Low-cost route to next-gen GaN transistors?
GaN HEMTs, widely used in wireless comms, power switching devices, and power amplifiers, owe their excellent high-frequency performance to a heterojunction (typically based on GaN and AlGaN) to create a narrow region called the 2D electron gas (2DEG), where electrons have very high mobility.
In recent years, Scandium aluminum nitride (ScAlN) has attracted attention as a novel barrier material that could further enhance the performance of GaN HEMTs.
ScAlN exhibits large polarisation, which increases electron densities in the 2DEG. Additionally, its ferroelectric nature makes it suitable for use as a ferroelectric gate material in ferroelectric HEMTs. Such a gate enables dynamic control over the 2DEG, offering potential to diversify the functionality of GaN-based devices.
Conventional methods to grow ScAlN layers on GaN require complex techniques and high processing temperatures. In contrast, sputtering is a promising alternative, offering a minimal setup with the possibility of low-temperature processing. So far studies on sputtering-based growth of ScAlN on GaN remain limited, and the influence of growth temperature on its electrical and structural properties remains unclear.
In a new study, just published in APL Materials, a research team led by Atsushi Kobayashi from Tokyo University of Science (TUS), Japan, successfully grew ScAlN thin films on AlGaN/GaN heterostructures using sputtering and studied the effect of growth temperature on their properties.
"Compared to expensive and complex deposition techniques, sputtering, widely used in electronics manufacturing, can enable the mass production of ScAlN thin films at much lower costs, making high-performance devices more accessible," explains Kobayashi.
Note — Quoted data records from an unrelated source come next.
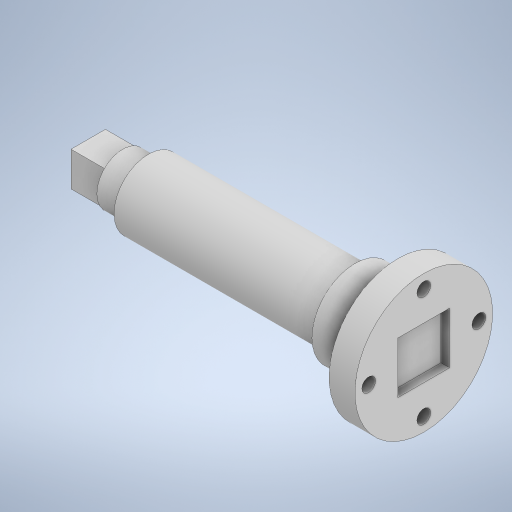
# Autodesk Inventor part: DRIVE SHAFT
Saved by Autodesk Inventor 2023 (Build 270158030, 158C)
## iProperties
Created: 2022-11-22
Part Number: DRIVE SHAFT
Material: Generic
Document SubType Name: Modeling
Designer: Imogen Heard
Density: 1 g/cm^3
Appearance: Default
Author: Imogen Heard
Autodesk Inventor part; units mm, degrees
ref_plane "YZ Plane" through (0, 0, 0) normal (1, 0, 0) x (0, 1, 0)
ref_plane "XZ Plane" through (0, 0, 0) normal (0, 1, 0) x (-1, 0, 0)
ref_plane "XY Plane" through (0, 0, 0) normal (0, 0, 1) x (1, 0, 0)
sketch "Sketch1" plane through (0, 0, 0) normal (1, 0, 0) x (0, 1, 0)
  circle A0 centre (0, 0) radius 40
  dimension "d0" = 80
  constraints: 1 centre point, 1 coincident
  measures "d0" diameter of A0
extrude "Extrusion1" add sketch "Sketch1" along normal blind 15
sketch "Sketch2" plane through (0, 0, 0) normal (-1, 0, 0) x (0, 0, 1)
  circle A0 centre (0, 0) radius 25
  circle A1 centre (0, 0) radius 40 projected
  dimension "d3" = 50
  constraints: 1 centre point, 1 concentric
  measures "d3" diameter of A0
extrude "Extrusion2" add sketch "Sketch2" along normal blind 25 contours A0
sketch "Sketch3" plane through (-25, 0, 0) normal (-1, 0, 0) x (0, 0, 1)
  circle A0 centre (0, 0) radius 20
  circle A1 centre (0, 0) radius 25 projected
  dimension "d6" = 40
  constraints: 1 centre point, 1 concentric
  measures "d6" diameter of A0
extrude "Extrusion3" add sketch "Sketch3" along normal blind 120 contours A0
sketch "Sketch4" plane through (-145, 0, 0) normal (-1, 0, 0) x (0, 0, 1)
  circle A0 centre (0, 0) radius 15
  circle A1 centre (0, 0) radius 20 projected
  dimension "d9" = 30
  constraints: 1 centre point, 1 concentric
  measures "d9" diameter of A0
extrude "Extrusion4" add sketch "Sketch4" along normal blind 15 contours A0
sketch "Sketch5" plane through (-160, 0, 0) normal (-1, 0, 0) x (0, 0, 1)
  line L0 (-10, 10) -> (10, 10)
  line L1 (10, 10) -> (10, -10)
  line L2 (10, -10) -> (-10, -10)
  line L3 (-10, -10) -> (-10, 10)
  point P0 (0, 0)
  dimension "d12" = 20
  dimension "d13" = 20
  dimension "d14" = 10
  dimension "d15" = 10
  constraints: 8 end point, 2 parallel, 1 horizontal, 1 perpendicular
  measures "d12" distance between parallel lines of L2 L0
  measures "d13" distance between parallel lines of L1 L3
  measures "d14" distance from line of point (0, 0) L3
  measures "d15" distance from line of point (0, 0) L0
extrude "Extrusion5" add sketch "Sketch5" along normal blind 20
sketch "Sketch6" plane through (15, 0, 0) normal (1, 0, 0) x (0, 0, -1)
  line L0 (-15, 15) -> (15, 15)
  line L1 (15, 15) -> (15, -15)
  line L2 (15, -15) -> (-15, -15)
  line L3 (-15, -15) -> (-15, 15)
  point P0 (0, 0)
  point P1 (-15, 0)
  point P2 (0, 15)
  dimension "d18" = 30
  dimension "d19" = 30
  dimension "d20" = 15
  dimension "d21" = 15
  constraints: 8 end point, 2 midpoint, 2 parallel, 1 horizontal, 1 perpendicular
  measures "d18" distance between parallel lines of L2 L0
  measures "d19" distance between parallel lines of L1 L3
  measures "d20" distance of point (0, 0) point (-15, 0)
  measures "d21" distance of point (0, 0) point (0, 15)
extrude "Extrusion6" cut sketch "Sketch6" against normal blind 5
sketch "Sketch7" plane through (15, 0, 0) normal (1, 0, 0) x (0, 0, -1)
  circle A0 centre (0, 32) radius 4
  circle A1 centre (32, 0) radius 4
  circle A2 centre (-32, 0) radius 4
  circle A3 centre (0, -32) radius 4
  circle A4 centre (0, 0) radius 32 construction
  circle A5 centre (0, 0) radius 40 projected
  dimension "d24" = 64
  dimension "d25" = 8
  constraints: 5 centre point, 4 point on circle, 3 equal radius, 2 horizontal alignment, 2 vertical alignment, 1 concentric
  measures "d24" diameter of A4
  measures "d25" diameter of A0
extrude "Extrusion7" cut sketch "Sketch7" against normal through all contours A0 | A1 | A2 | A3
body "Solid1"

The team also included Shunsuke Ota, a 2024 graduate of TUS.
The researchers epitaxially grew ScAlN films with 10 percent scandium content on AlGaN/AlN/GaN heterostructures through sputtering at varying temperatures. They then studied the structure of the films using atomic force microscopy (AFM) and high-energy electron diffraction.
Their analysis revealed that epitaxial growth was achieved even at a low temperature of 250 °C, and surface flatness of the films improved with increasing temperature. Notably, a clear step-and-terrace surface structure was observed for the sample grown at 750 °C, indicating high structural quality.
Hall-effect measurements revealed that the carrier density in the 2DEG for the sample grown at 750 °C reached 1.1 × 1013 cm−2, approximately three times that of AlGaN/AlN/GaN heterostructures without ScAlN. In contrast, films grown at lower temperatures exhibited lower carrier densities than those of the initial non-ScAlN heterostructures.
These results demonstrate that growth temperature is critical for 2DEG formation within the heterostructure. The improvement in carrier density at 750 °C was attributed to improved structural quality. However, the electron mobility in all ScAlN samples was reduced, compared to the initial heterostructure, likely due to the roughness and structural imperfections introduced by the ScAlN barrier near the AlGaN/AlN/GaN interfaces.
"The findings of this study highlight the key role of growth conditions in the sputter epitaxy of ScAlN films," says Kobayashi. "Importantly, our study demonstrates the viability of sputtering for growing high-quality ScAlN layers on GaN, offering a practical path towards the commercialisation of high-performance GaN HEMTs with ScAlN barriers. This will lead to the widespread use of these transistors, which are fundamental to the development of highly efficient, energy-saving devices that can operate under harsh conditions, including electric vehicles and space vehicles, leading to the development of a sustainable future."
The team hopes that this research can lead to large-scale adoption of ScAlN-based GaN devices, which will, in turn, enable the development of next-generation high-performance electronics for communications, energy systems, and beyond.